*** Opening of DATA ***

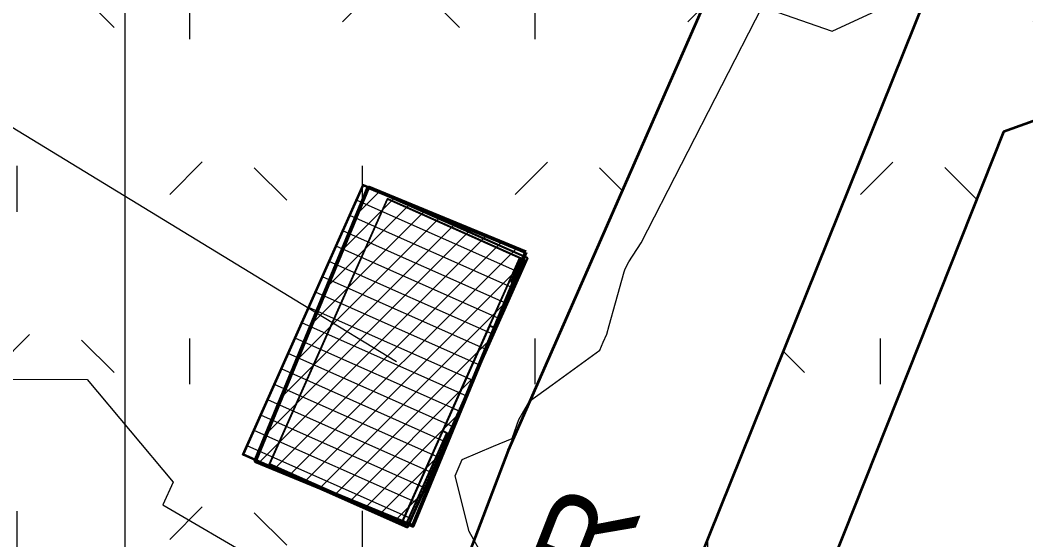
# Model space of a CAD drawing. Header units: metres. Extents: x -207 to 246, y -187 to 169.
# Drawn here: x -102.43 to -81.51, y 28 to 38.82 of the extents above; entities that cross this region are included whole.
import ezdxf

# ---------------------------------------------------------------- set-up
doc = ezdxf.new("R2010")
doc.units = ezdxf.units.M
for name, color, linetype, lineweight in [('A-FLOR', 7, 'Continuous', 9), ('A-ROOF', 7, 'Continuous', 9), ('A-ROOF-OTLN', 7, 'Continuous', 9), ('A-ROOF-PATT', 7, 'Continuous', 9), ('ACHURADO', 7, 'Continuous', 9), ('BORDE CAMINO', 7, 'Continuous', 35), ('C-BLDG-PADS', 7, 'Continuous', 9), ('C-TOPO', 7, 'Continuous', 9), ('C-TOPO-MAJR', 7, 'Continuous', 35), ('edificios', 7, 'Continuous', 50), ('grilla', 7, 'Continuous', 9), ('I-WALL', 7, 'Continuous', 9), ('solera', 7, 'Continuous', 35)]:
    doc.layers.add(name, color=color, linetype=linetype, lineweight=lineweight)
doc.layers.add('PR10-ARQ-PL-001-Emplazamiento-C-1_dwg', color=7, linetype='Continuous', lineweight=9, true_color=0x767676)
doc.layers.add('TEXTO', color=5, linetype='Continuous', lineweight=9, true_color=0x0000ff)
doc.styles.add('Arial', font='arial.ttf', dxfattribs={"height": 1.792988})
pattern_1 = [(90, (-655750.258, -5498481.082), (-3.592, 3.592), [0.9525, -6.232]), (45, (-655750.258, -5498481.082), (-3.5921024484, 3.5921024484), [0.9525, -4.127]), (135, (-655750.258, -5498481.082), (-3.5921024484, -3.5921024484), [0.9525, -4.127])]

# ---------------------------------------------------------------- blocks, each defined once
blk = doc.blocks.new('YADRAN_LASQUEMAS_ARQ_MO_006_E02_rvt-1-PLANTA SUPERFICIES')
at = {"layer": 'A-ROOF-PATT', "true_color": 0x008040}
h = blk.add_hatch(dxfattribs=at)
h.set_pattern_fill('FP_45', color=116, style=0, pattern_type=2)
h.set_pattern_definition([(156.022, (-9.84, -7.588), (-0.142235, -0.3197955), [])])
h.paths.add_polyline_path([(-94.376, 28.27), (-91.888, 33.863), (-95.292, 35.377), (-97.78, 29.783), (-95.26, 28.663)])
h = blk.add_hatch(dxfattribs=at)
h.set_pattern_fill('FP_46', color=116, style=0, pattern_type=2)
h.set_pattern_definition([(156.022, (-4.933, -9.77), (-0.142235, -0.3197955), [])])
h.paths.add_polyline_path([(-94.371, 28.306), (-91.917, 33.824), (-92.048, 33.882), (-94.503, 28.365)])
at = {"layer": 'A-FLOR'}
for p, q in [((-97.252, 29.577), (-94.794, 35.104)), ((-94.794, 35.104), (-97.252, 29.577)), ((-94.794, 35.104), (-91.993, 33.858)), ((-91.993, 33.858), (-94.794, 35.104)), ((-91.993, 33.858), (-92.209, 33.374)), ((-92.209, 33.374), (-91.993, 33.858)), ((-92.138, 33.342), (-92.556, 32.405)), ((-92.556, 32.405), (-92.138, 33.342)), ((-92.209, 33.374), (-92.138, 33.342)), ((-92.138, 33.342), (-92.209, 33.374)), ((-92.663, 32.452), (-93.636, 30.266)), ((-93.636, 30.266), (-92.663, 32.452)), ((-92.556, 32.405), (-92.663, 32.452)), ((-92.663, 32.452), (-92.556, 32.405)), ((-93.553, 30.229), (-94.406, 28.311)), ((-94.406, 28.311), (-93.553, 30.229)), ((-93.636, 30.266), (-93.553, 30.229)), ((-93.553, 30.229), (-93.636, 30.266)), ((-94.406, 28.311), (-97.252, 29.577)), ((-97.252, 29.577), (-94.406, 28.311))]:
    blk.add_line(p, q, dxfattribs=at)
at = {"layer": 'A-ROOF'}
for p, q in [((-95.292, 35.377), (-97.78, 29.783)), ((-95.292, 35.377), (-97.78, 29.783)), ((-91.888, 33.863), (-95.292, 35.377)), ((-95.292, 35.377), (-91.888, 33.863)), ((-92.048, 33.882), (-94.503, 28.365)), ((-92.048, 33.882), (-94.503, 28.365)), ((-94.376, 28.27), (-91.888, 33.863)), ((-91.888, 33.863), (-94.376, 28.27)), ((-94.371, 28.306), (-91.917, 33.824)), ((-91.917, 33.824), (-94.371, 28.306)), ((-91.917, 33.824), (-92.048, 33.882)), ((-92.048, 33.882), (-91.917, 33.824)), ((-94.376, 28.27), (-97.78, 29.783)), ((-97.78, 29.783), (-94.376, 28.27)), ((-94.371, 28.306), (-94.503, 28.365)), ((-94.503, 28.365), (-94.371, 28.306))]:
    blk.add_line(p, q, dxfattribs=at)
at = {"layer": 'A-ROOF-OTLN'}
for p, q in [((-95.301, 35.402), (-97.805, 29.774)), ((-97.805, 29.774), (-95.301, 35.402)), ((-97.78, 29.783), (-95.292, 35.377)), ((-97.78, 29.783), (-95.292, 35.377)), ((-95.284, 35.394), (-95.301, 35.402)), ((-95.301, 35.402), (-95.259, 35.383)), ((-95.284, 35.394), (-95.292, 35.377)), ((-95.292, 35.377), (-91.888, 33.863)), ((-95.292, 35.377), (-95.267, 35.366)), ((-91.881, 33.881), (-95.284, 35.394)), ((-95.267, 35.366), (-95.259, 35.383)), ((-95.267, 35.366), (-91.888, 33.863)), ((-95.259, 35.383), (-91.881, 33.881)), ((-91.888, 33.863), (-94.376, 28.27)), ((-91.888, 33.863), (-94.376, 28.27)), ((-91.917, 33.824), (-94.371, 28.306)), ((-91.917, 33.824), (-94.371, 28.306)), ((-94.359, 28.262), (-91.871, 33.855)), ((-91.871, 33.855), (-94.359, 28.262)), ((-94.353, 28.298), (-91.899, 33.816)), ((-91.899, 33.816), (-94.353, 28.298)), ((-91.899, 33.816), (-91.917, 33.824)), ((-91.917, 33.824), (-91.899, 33.816)), ((-91.881, 33.881), (-91.888, 33.863)), ((-91.888, 33.863), (-91.881, 33.881)), ((-91.871, 33.855), (-91.888, 33.863)), ((-91.888, 33.863), (-91.871, 33.855)), ((-97.805, 29.774), (-97.787, 29.766)), ((-97.763, 29.755), (-97.805, 29.774)), ((-97.78, 29.783), (-97.787, 29.766)), ((-97.787, 29.766), (-94.384, 28.252)), ((-94.376, 28.27), (-97.78, 29.783)), ((-97.755, 29.772), (-97.78, 29.783)), ((-97.763, 29.755), (-97.755, 29.772)), ((-94.384, 28.252), (-97.763, 29.755)), ((-94.376, 28.27), (-97.755, 29.772)), ((-94.384, 28.252), (-94.376, 28.27)), ((-94.376, 28.27), (-94.384, 28.252)), ((-94.359, 28.262), (-94.376, 28.27)), ((-94.376, 28.27), (-94.359, 28.262)), ((-94.353, 28.298), (-94.371, 28.306)), ((-94.371, 28.306), (-94.353, 28.298))]:
    blk.add_line(p, q, dxfattribs=at)
at = {"layer": 'I-WALL'}
for p, q in [((-94.798, 35.095), (-97.252, 29.577)), ((-97.252, 29.577), (-94.798, 35.095)), ((-94.789, 35.09), (-97.239, 29.582)), ((-97.239, 29.582), (-94.789, 35.09)), ((-94.798, 35.095), (-94.794, 35.104)), ((-94.798, 35.095), (-94.794, 35.104)), ((-91.996, 33.859), (-94.794, 35.104)), ((-94.794, 35.104), (-91.996, 33.859)), ((-92.044, 33.869), (-94.789, 35.09)), ((-94.789, 35.09), (-92.009, 33.854)), ((-94.494, 28.361), (-92.044, 33.869)), ((-92.044, 33.869), (-94.494, 28.361)), ((-94.485, 28.357), (-92.035, 33.865)), ((-92.035, 33.865), (-94.485, 28.357)), ((-92.221, 33.379), (-92.009, 33.854)), ((-92.009, 33.854), (-92.221, 33.379)), ((-92.211, 33.375), (-92, 33.85)), ((-92, 33.85), (-92.211, 33.375)), ((-92.044, 33.869), (-92.035, 33.865)), ((-92, 33.85), (-92.035, 33.865)), ((-92.009, 33.854), (-92, 33.85)), ((-91.996, 33.859), (-92, 33.85)), ((-92, 33.85), (-91.996, 33.859)), ((-92.561, 32.418), (-92.152, 33.337)), ((-92.152, 33.337), (-92.561, 32.418)), ((-92.552, 32.414), (-92.138, 33.342)), ((-92.138, 33.342), (-92.552, 32.414)), ((-92.225, 33.37), (-92.221, 33.379)), ((-92.221, 33.379), (-92.225, 33.37)), ((-92.152, 33.337), (-92.225, 33.37)), ((-92.225, 33.37), (-92.152, 33.337)), ((-92.148, 33.346), (-92.211, 33.375)), ((-92.211, 33.375), (-92.148, 33.346)), ((-92.148, 33.346), (-92.138, 33.342)), ((-92.148, 33.346), (-92.138, 33.342)), ((-93.645, 30.27), (-92.668, 32.466)), ((-92.668, 32.466), (-93.645, 30.27)), ((-93.636, 30.266), (-92.663, 32.452)), ((-92.663, 32.452), (-93.636, 30.266)), ((-92.668, 32.466), (-92.659, 32.462)), ((-92.668, 32.466), (-92.659, 32.462)), ((-92.663, 32.452), (-92.556, 32.405)), ((-92.556, 32.405), (-92.663, 32.452)), ((-92.659, 32.462), (-92.561, 32.418)), ((-92.561, 32.418), (-92.659, 32.462)), ((-92.552, 32.414), (-92.556, 32.405)), ((-92.552, 32.414), (-92.556, 32.405)), ((-94.411, 28.324), (-93.566, 30.224)), ((-93.566, 30.224), (-94.411, 28.324)), ((-94.402, 28.32), (-93.553, 30.229)), ((-93.553, 30.229), (-94.402, 28.32)), ((-93.649, 30.261), (-93.645, 30.27)), ((-93.649, 30.261), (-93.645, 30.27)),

*** Close of DATA ***

## REQUIRED ACTION
Working from the records above, write out verbatim only the lines from the line containing "# Drawn here: x" through the line containing "doc.units = ezdxf.units.M".

## WORKED SOLUTION
# Drawn here: x -102.43 to -81.51, y 28 to 38.82 of the extents above; entities that cross this region are included whole.
import ezdxf

# ---------------------------------------------------------------- set-up
doc = ezdxf.new("R2010")
doc.units = ezdxf.units.M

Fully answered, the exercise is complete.